与其建议您这样做,不如对每个重复符号重复基本查询-如下所示(我删除了same_address_nb和same_postal_nb字段,然后您会看到原因):
Instead of doing it this way, I'd suggest that you have your basic query repeated for each of the duplication signs - as follows (I removed the same_address_nb and same_postal_nb fields, and you'll see why):
select
o.vendor_id
,o.vndr_name_shrt_user
,O.COUNTRY
,O.VENDOR_NAME_SHORT
,B.POSTAL
,B.ADDRESS1
,OC.SAME_SHORT_NAME
,oc.SAME_USER_NUM
from VENDOR o
JOIN vendor_addr B ON o.VENDOR_ID = B.VENDOR_ID
WHERE O.COUNTRY ='CANADA'
AND B.COUNTY = 'CANADA'
AND ...
对于这些重复符号中的每一个,您都将向上面显示的椭圆添加一个嵌套查询,如下所示-使用vndr_name_shrt_user中的重复显示的示例:
For each one of these duplication signs, you'll add a nested query to the ellipses shown above as follows - example shown using the duplicate in vndr_name_shrt_user:
select
o.vendor_id
,o.vndr_name_shrt_user
,O.COUNTRY
,O.VENDOR_NAME_SHORT
,B.POSTAL
,B.ADDRESS1
,OC.SAME_SHORT_NAME
,oc.SAME_USER_NUM
,'SAME_USER_NUM' as duplicateFlag
from VENDOR o
JOIN vendor_addr B ON o.VENDOR_ID = B.VENDOR_ID
WHERE O.COUNTRY ='CANADA'
AND B.COUNTY = 'CANADA'
AND o.vndr_name_shrt_user in
(
SELECT
vndr_name_shrt_user
FROM VENDOR
WHERE COUNTRY = o.country
AND VENDOR_STATUS = 'A'
GROUP BY vndr_name_shrt_user
HAVING COUNT(*) > 1
)
您可以一起UNION ALL
这些查询,然后查看所有重复项.
You can UNION ALL
these queries together and then see all of your duplicates.

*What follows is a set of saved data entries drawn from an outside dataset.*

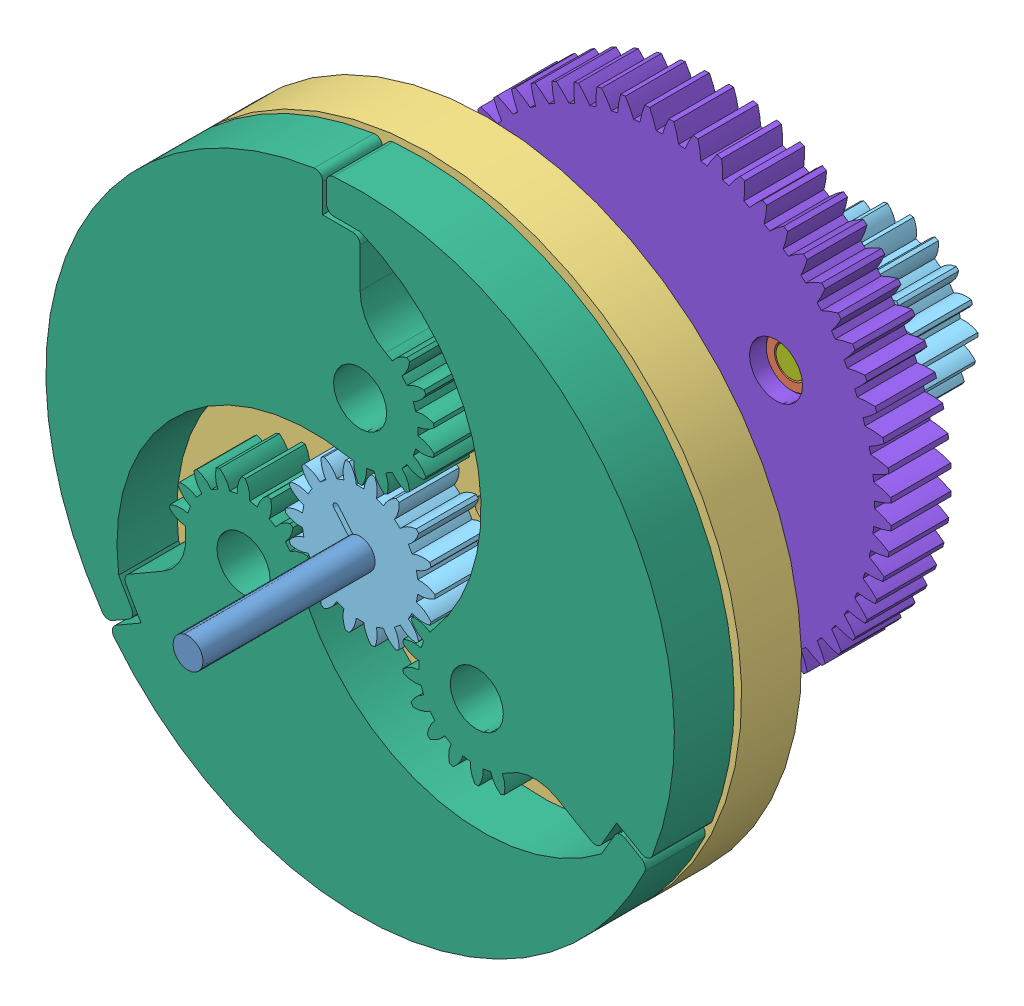
SolidWorks assembly GearSet2, configuration Default. Lengths in mm.
Overall size (98.99 105.75 80).
30 component instances, 9 part files, 45 mates.
Components (placement in the parent):
- Shaft4x55-1: Shaft4x55 [Default] at (30.5179 39.8122 29.3987) size (4 4 80)
- Bearing4x7x2.5-1: Bearing4x7x2.5 [Default] at (30.5179 39.8122 43.8987) x (0.886811 0.462132 0) z (0 0 1) size (7 7 2.5)
- Bearing4x7x2.5-2: Bearing4x7x2.5 [Default] at (30.5179 39.8122 38.3987) x (0.973436 0.22896 0) z (0 0 1) size (7 7 2.5)
- WheelHolder-1: WheelHolder [Default] at (30.5179 39.8122 69.3987) x (1 0 0) z (0 -1 0) size (84 11 84)
- Gear 1M 30T D7 Holder-Assem-1: Gear 1M 30T D7 Holder-Assem [Default] at (30.5179 39.8122 58.3987) x (0 0 1) z (1 0 0) size (8 31.88 32)
- Bearing4x7x2.5-3: Bearing4x7x2.5 [Default] at (30.5179 39.8122 74.8987) size (7 7 2.5)
- Bearing4x7x2.5-4: Bearing4x7x2.5 [Default] at (30.5179 39.8122 63.8987) size (7 7 2.5)
- Bearing4x7x2.5-5: Bearing4x7x2.5 [Default] at (30.5179 39.8122 58.3987) size (7 7 2.5)
- Bearing4x7x2.5-6: Bearing4x7x2.5 [Default] at (30.5179 39.8122 69.3987) size (7 7 2.5)
- Bearing4x7x2.5-7: Bearing4x7x2.5 [Default] at (30.5179 39.8122 47.3987) x (0.886811 0.462132 0) z (0 0 1) size (7 7 2.5)
- Bearing4x7x2.5-8: Bearing4x7x2.5 [Default] at (30.5179 39.8122 54.8987) x (0.886811 0.462132 0) z (0 0 1) size (7 7 2.5)
- Gear 1M 18T D4-Assem-3: Gear 1M 18T D4-Assem [Default] at (30.5179 39.8122 37.3987) x (0 0 -1) z (0.766439 0.642317 0) size (8 19.78 20)
- WheelClawPrinted-1: WheelClawPrinted [Default] at (30.5179 39.8122 68.3987) x (-0.5 0.866025 0) z (0.866025 0.5 0) size (51.89 8 66.01)
- WheelClawPrinted-2: WheelClawPrinted [Default] at (30.5179 39.8122 68.3987) x (-0.5 -0.866025 0) z (-0.866025 0.5 0) size (51.89 8 66.01)
- WheelClawPrinted-3: WheelClawPrinted [Default] at (30.5179 39.8122 68.3987) x (1 0 0) z (0 -1 0) size (51.89 8 66.01)
- Bearing4x7x2.5-9: Bearing4x7x2.5 [Default] at (46.1002 48.8228 41.8987) size (7 7 2.5)
- Shaft4x15-1: Shaft4x15 [Default] at (46.1002 48.8228 44.3987) x (0.934634 0.35561 0) z (0 0 -1) size (4 4 15)
- Bearing4x7x2.5-10: Bearing4x7x2.5 [Default] at (46.1002 48.8228 39.3987) size (7 7 2.5)
- Gear 1M 18T D4-Assem-6: Gear 1M 18T D4-Assem [Default] at (30.5179 39.8122 86.3987) x (0 0 -1) z (0.766439 0.642317 0) size (8 19.78 20)
- Gear 1M 60T D7 Holder-Assem-1: Gear 1M 60T D7 Holder-Assem [Default] at (30.5179 39.8122 38.3987) x (0 0 1) z (1 0.00068 0) size (8 61.95 61.95)
- Gear 1M 18T D4-Assem-7: Gear 1M 18T D4-Assem [Default] at (46.1002 48.8228 37.3987) x (0 0 -1) z (0.114199 0.993458 0) size (8 19.78 20)
- Bearing4x7x2.5-15: Bearing4x7x2.5 [Default] at (14.9233 48.8016 41.8987) x (-0.5 0.866025 0) z (0 0 1) size (7 7 2.5)
- Bearing4x7x2.5-16: Bearing4x7x2.5 [Default] at (30.5301 21.8122 41.8987) x (-0.5 -0.866025 0) z (0 0 1) size (7 7 2.5)
- Shaft4x15-4: Shaft4x15 [Default] at (14.9233 48.8016 44.3987) x (-0.775285 0.631612 0) z (0 0 -1) size (4 4 15)
- Shaft4x15-5: Shaft4x15 [Default] at (30.5301 21.8122 44.3987) x (-0.15935 -0.987222 0) z (0 0 -1) size (4 4 15)
- Bearing4x7x2.5-17: Bearing4x7x2.5 [Default] at (14.9233 48.8016 39.3987) x (-0.5 0.866025 0) z (0 0 1) size (7 7 2.5)
- Bearing4x7x2.5-18: Bearing4x7x2.5 [Default] at (30.5301 21.8122 39.3987) x (-0.5 -0.866025 0) z (0 0 1) size (7 7 2.5)
- Gear 1M 18T D4-Assem-8: Gear 1M 18T D4-Assem [Default] at (14.9233 48.8016 37.3987) x (0 0 -1) z (-0.917459 -0.39783 0) size (8 19.78 20)
- Gear 1M 18T D4-Assem-9: Gear 1M 18T D4-Assem [Default] at (30.5301 21.8122 37.3987) x (0 0 -1) z (0.80326 -0.595628 0) size (8 19.78 20)
- WheelHolder-Out-1: WheelHolder-Out [Default] at (30.5179 39.8122 95.3987) x (-1 0 0) z (0 -1 0) size (84 26 84) (hidden)
Mates (geometry in assembly coordinates):
- Concentric3: concentric aligned: cylinder of Shaft4x55-1 through (30.5179 39.8122 109.3987) axis (0 0 -1) radius 2; cylinder of Bearing4x7x2.5-1 through (30.5179 39.8122 46.3987) axis (0 0 -1) radius 2
- Concentric5: concentric aligned: cylinder of WheelHolder-1 through (30.5179 39.8122 77.3987) axis (0 0 -1) radius 3.55; cylinder of Bearing4x7x2.5-3 through (30.5179 39.8122 77.3987) axis (0 0 -1) radius 3.5
- Coincident4: coincident aligned: plane of WheelHolder-1 through (30.5179 39.8122 77.3987) normal (0 0 1); plane of Bearing4x7x2.5-3 through (30.5179 39.8122 77.3987) normal (0 0 1)
- Concentric6: concentric aligned: cylinder of WheelHolder-1 through (30.5179 39.8122 77.3987) axis (0 0 -1) radius 3.55; cylinder of Bearing4x7x2.5-6 through (30.5179 39.8122 71.8987) axis (0 0 -1) radius 3.5
- Coincident5: coincident aligned: plane of WheelHolder-1 through (30.5179 39.8122 69.3987) normal (0 0 -1); plane of Bearing4x7x2.5-6 through (30.5179 39.8122 69.3987) normal (0 0 -1)
- Concentric7: concentric aligned: cylinder of Gear 1M 30T D7 Holder-Assem-1 through (30.5179 39.8122 108.3987) axis (0 0 -1) radius 3.5; cylinder of Bearing4x7x2.5-5 through (30.5179 39.8122 60.8987) axis (0 0 -1) radius 3.5
- Coincident6: coincident aligned: plane of Gear 1M 30T D7 Holder-Assem-1 through (30.5179 39.8122 58.3987) normal (0 0 -1); plane of Bearing4x7x2.5-5 through (30.5179 39.8122 58.3987) normal (0 0 -1)
- Concentric8: concentric aligned: cylinder of Gear 1M 30T D7 Holder-Assem-1 through (30.5179 39.8122 108.3987) axis (0 0 -1) radius 3.5; cylinder of Bearing4x7x2.5-4 through (30.5179 39.8122 66.3987) axis (0 0 -1) radius 3.5
- Coincident7: coincident aligned: plane of Gear 1M 30T D7 Holder-Assem-1 through (30.5179 39.8122 66.3987) normal (0 0 1); plane of Bearing4x7x2.5-4 through (30.5179 39.8122 66.3987) normal (0 0 1)
- Concentric9: concentric aligned: cylinder of Shaft4x55-1 through (30.5179 39.8122 109.3987) axis (0 0 -1) radius 2; cylinder of Bearing4x7x2.5-4 through (30.5179 39.8122 66.3987) axis (0 0 -1) radius 2
- Concentric10: concentric aligned: cylinder of Shaft4x55-1 through (30.5179 39.8122 109.3987) axis (0 0 -1) radius 2; cylinder of Bearing4x7x2.5-3 through (30.5179 39.8122 77.3987) axis (0 0 -1) radius 2
- Concentric11: concentric anti-aligned: cylinder of WheelHolder-1 through (22.7236 44.3122 77.3987) axis (0 0 -1) radius 1.45; cylinder of Gear 1M 30T D7 Holder-Assem-1 through (22.7236 44.3122 56.3987) axis (0 0 1) radius 1.55
- Concentric14: concentric aligned: cylinder of Shaft4x55-1 through (30.5179 39.8122 109.3987) axis (0 0 -1) radius 2; cylinder of Bearing4x7x2.5-8 through (30.5179 39.8122 57.3987) axis (0 0 -1) radius 2
- Concentric15: concentric aligned: cylinder of Shaft4x55-1 through (30.5179 39.8122 109.3987) axis (0 0 -1) radius 2; cylinder of Bearing4x7x2.5-7 through (30.5179 39.8122 49.8987) axis (0 0 -1) radius 2
- Distance3: distance = 10 mm anti-aligned: plane of Bearing4x7x2.5-7 through (30.5179 39.8122 47.3987) normal (0 0 -1); plane of Bearing4x7x2.5-8 through (30.5179 39.8122 57.3987) normal (0 0 1)
- Distance4: distance = 1 mm anti-aligned: plane of Bearing4x7x2.5-7 through (30.5179 39.8122 47.3987) normal (0 0 -1); plane of Bearing4x7x2.5-1 through (30.5179 39.8122 46.3987) normal (0 0 1)
- Distance5: distance = 1 mm anti-aligned: plane of Bearing4x7x2.5-5 through (30.5179 39.8122 58.3987) normal (0 0 -1); plane of Bearing4x7x2.5-8 through (30.5179 39.8122 57.3987) normal (0 0 1)
- Concentric20: concentric anti-aligned: cylinder of Shaft4x55-1 through (30.5179 39.8122 109.3987) axis (0 0 -1) radius 2; cylinder of Gear 1M 18T D4-Assem-3 through (30.5179 39.8122 -12.6014) axis (0 0 1) radius 2
- Coincident11: coincident aligned: plane of Shaft4x55-1 through (30.5179 39.8122 29.3987) normal (0 0 -1); plane of Gear 1M 18T D4-Assem-3 through (30.5179 39.8122 29.3987) normal (0 0 -1)
- Distance9: distance = 1 mm anti-aligned: plane of WheelClawPrinted-1 through (14.9294 30.8122 78.3987) normal (0 0 -1); plane of WheelHolder-1 through (30.5179 39.8122 77.3987) normal (0 0 1)
- Concentric24: concentric anti-aligned: cylinder of Bearing4x7x2.5-9 through (46.1002 48.8228 44.3987) axis (0 0 -1) radius 2; cylinder of Shaft4x15-1 through (46.1002 48.8228 29.3987) axis (0 0 1) radius 2
- Concentric25: concentric anti-aligned: cylinder of Shaft4x15-1 through (46.1002 48.8228 29.3987) axis (0 0 1) radius 2; cylinder of Bearing4x7x2.5-10 through (46.1002 48.8228 41.8987) axis (0 0 -1) radius 2
- Coincident17: coincident aligned: plane of Bearing4x7x2.5-9 through (46.1002 48.8228 44.3987) normal (0 0 1); plane of Shaft4x15-1 through (46.1002 48.8228 44.3987) normal (0 0 1)
- Coincident18: coincident anti-aligned: plane of Bearing4x7x2.5-9 through (46.1002 48.8228 41.8987) normal (0 0 -1); plane of Bearing4x7x2.5-10 through (46.1002 48.8228 41.8987) normal (0 0 1)
- Concentric26: concentric anti-aligned: cylinder of Shaft4x55-1 through (30.5179 39.8122 109.3987) axis (0 0 -1) radius 2; cylinder of Gear 1M 18T D4-Assem-6 through (30.5179 39.8122 36.3986) axis (0 0 1) radius 2
- Concentric28: concentric aligned: cylinder of Bearing4x7x2.5-1 through (30.5179 39.8122 46.3987) axis (0 0 -1) radius 3.5; cylinder of Gear 1M 60T D7 Holder-Assem-1 through (30.5179 39.8122 88.3987) axis (0 0 -1) radius 3.55
- Coincident20: coincident aligned: plane of Bearing4x7x2.5-1 through (30.5179 39.8122 46.3987) normal (0 0 1); plane of Gear 1M 60T D7 Holder-Assem-1 through (30.5179 39.8122 46.3987) normal (0 0 1)
- Coincident21: coincident aligned: plane of Bearing4x7x2.5-2 through (30.5179 39.8122 38.3987) normal (0 0 -1); plane of Gear 1M 60T D7 Holder-Assem-1 through (30.5179 39.8122 38.3987) normal (0 0 -1)
- Concentric29: concentric aligned: cylinder of Shaft4x55-1 through (30.5179 39.8122 109.3987) axis (0 0 -1) radius 2; cylinder of Bearing4x7x2.5-2 through (30.5179 39.8122 40.8987) axis (0 0 -1) radius 3.5
- Distance10: distance = 1 mm anti-aligned: plane of Gear 1M 60T D7 Holder-Assem-1 through (30.5179 39.8122 38.3987) normal (0 0 -1); plane of Gear 1M 18T D4-Assem-3 through (30.5179 39.8122 37.3987) normal (0 0 1)
- Concentric30: concentric anti-aligned: cylinder of Bearing4x7x2.5-10 through (46.1002 48.8228 41.8987) axis (0 0 -1) radius 3.5; cylinder of Gear 1M 60T D7 Holder-Assem-1 through (46.1002 48.8228 36.3987) axis (0 0 1) radius 3.55
- Coincident23: coincident anti-aligned: cylinder of Shaft4x15-1 through (46.1002 48.8228 29.3987) axis (0 0 1) radius 2; circle of Gear 1M 18T D4-Assem-7
- Coincident24: coincident aligned: plane of Shaft4x15-1 through (46.1002 48.8228 29.3987) normal (0 0 -1); plane of Gear 1M 18T D4-Assem-7 through (46.1002 48.8228 29.3987) normal (0 0 -1)
- Distance11: distance = 1 mm aligned: plane of Gear 1M 60T D7 Holder-Assem-1 through (30.5179 39.8122 38.3987) normal (0 0 -1); plane of Bearing4x7x2.5-10 through (46.1002 48.8228 39.3987) normal (0 0 -1)
- Coincident26: coincident aligned: plane of Gear 1M 18T D4-Assem-3 through (27.6128 43.9013 39.3987) normal (-0.766439 -0.642317 0); plane of Gear 1M 18T D4-Assem-6 through (27.6128 43.9013 88.3987) normal (-0.766439 -0.642317 0)
- GearMate2: gear = 20 : 20 mm: cylinder of Gear 1M 18T D4-Assem-7 through (46.1002 48.8228 47.3987) axis (0 0 1) radius 10; cylinder of Gear 1M 18T D4-Assem-3 through (30.5179 39.8122 47.3987) axis (0 0 1) radius 10
- Concentric32: concentric aligned: cylinder of WheelHolder-1 through (30.5179 57.8122 77.3987) axis (0 0 -1) radius 1.95; cylinder of WheelClawPrinted-3 through (30.5179 57.8122 86.3987) axis (0 0 -1) radius 3.55
- Parallel1: parallel anti-aligned: plane of Gear 1M 30T D7 Holder-Assem-1 through (31.0179 45.8122 68.3987) normal (-1 0 0)
- Coincident28: coincident anti-aligned: plane of WheelHolder-1 through (30.5179 39.8122 66.3987) normal (0 0 -1); plane of Gear 1M 30T D7 Holder-Assem-1 through (30.5179 39.8122 66.3987) normal (0 0 1)
- Concentric35: concentric anti-aligned: cylinder of WheelHolder-1 through (30.5179 39.8122 77.3987) axis (0 0 -1) radius 42; cylinder of WheelHolder-Out-1 through (30.5179 39.8122 87.3987) axis (0 0 1) radius 42
- Coincident35: coincident aligned: plane of WheelHolder-1 through (31.0179 46.8122 67.3987) normal (-1 0 0); plane of WheelHolder-Out-1 through (31.0179 45.8122 97.3987) normal (-1 0 0)
- Coincident37: coincident anti-aligned: plane of WheelHolder-1 through (30.5179 39.8122 77.3987) normal (0 0 1); plane of WheelHolder-Out-1 through (26.9269 15.5925 77.3987) normal (0 0 -1)
- GearMate3: gear = 20 : 20 mm: cylinder of WheelClawPrinted-1 through (14.9294 30.8122 86.3987) axis (0 0 -1) radius 10; cylinder of Gear 1M 18T D4-Assem-6 through (30.5179 39.8122 96.3987) axis (0 0 1) radius 10
- Coincident38: coincident aligned: plane of WheelClawPrinted-1 through (14.9294 30.8122 78.3987) normal (0 0 -1); plane of Gear 1M 18T D4-Assem-6 through (30.5179 39.8122 78.3987) normal (0 0 -1)
- LimitAngle3: limit planar angle = 2.094395 rad anti-aligned: plane of WheelClawPrinted-1 through (-1.2664 21.4615 86.3987) normal (-0.5 0.866025 0); plane of WheelHolder-Out-1 through (14.9294 42.8122 77.3987) normal (-1 0 0)

作为旁注,您在最后三个派生表中两次检查了country = 'canada'
.
As a side note, you had a check for the country = 'canada'
twice in the last three derived table.
更新:显示多个重复标记
select
o.vendor_id
,o.vndr_name_shrt_user
,O.COUNTRY
,O.VENDOR_NAME_SHORT
,B.POSTAL
,B.ADDRESS1
,OC.SAME_SHORT_NAME
,oc.SAME_USER_NUM
,'SAME_USER_NUM' as duplicateFlag
from VENDOR o
JOIN vendor_addr B ON o.VENDOR_ID = B.VENDOR_ID
WHERE O.COUNTRY ='CANADA'
AND B.COUNTY = 'CANADA'
AND o.vndr_name_shrt_user in
(
SELECT
vndr_name_shrt_user
FROM VENDOR
WHERE COUNTRY = o.country
AND VENDOR_STATUS = 'A'
GROUP BY vndr_name_shrt_user
HAVING COUNT(*) > 1
)
UNION ALL
select
o.vendor_id
,o.vndr_name_shrt_user
,O.COUNTRY
,O.VENDOR_NAME_SHORT
,B.POSTAL
,B.ADDRESS1
,OC.SAME_SHORT_NAME
,oc.SAME_USER_NUM
,'VENDOR_NAME_SHORT' as duplicateFlag
from VENDOR o
JOIN vendor_addr B ON o.VENDOR_ID = B.VENDOR_ID
WHERE O.COUNTRY ='CANADA'
AND B.COUNTY = 'CANADA'
AND o.VENDOR_NAME_SHORT in
(
SELECT
VENDOR_NAME_SHORT
FROM VENDOR
WHERE COUNTRY = o.country
AND VENDOR_STATUS = 'A'
GROUP BY VENDOR_NAME_SHORT
HAVING COUNT(*) > 1
)
这篇关于SQL查找具有多个字段(没有唯一ID)的重复项的文章就介绍到这了,希望我们推荐的答案对大家有所帮助,也希望大家多多支持IT屋!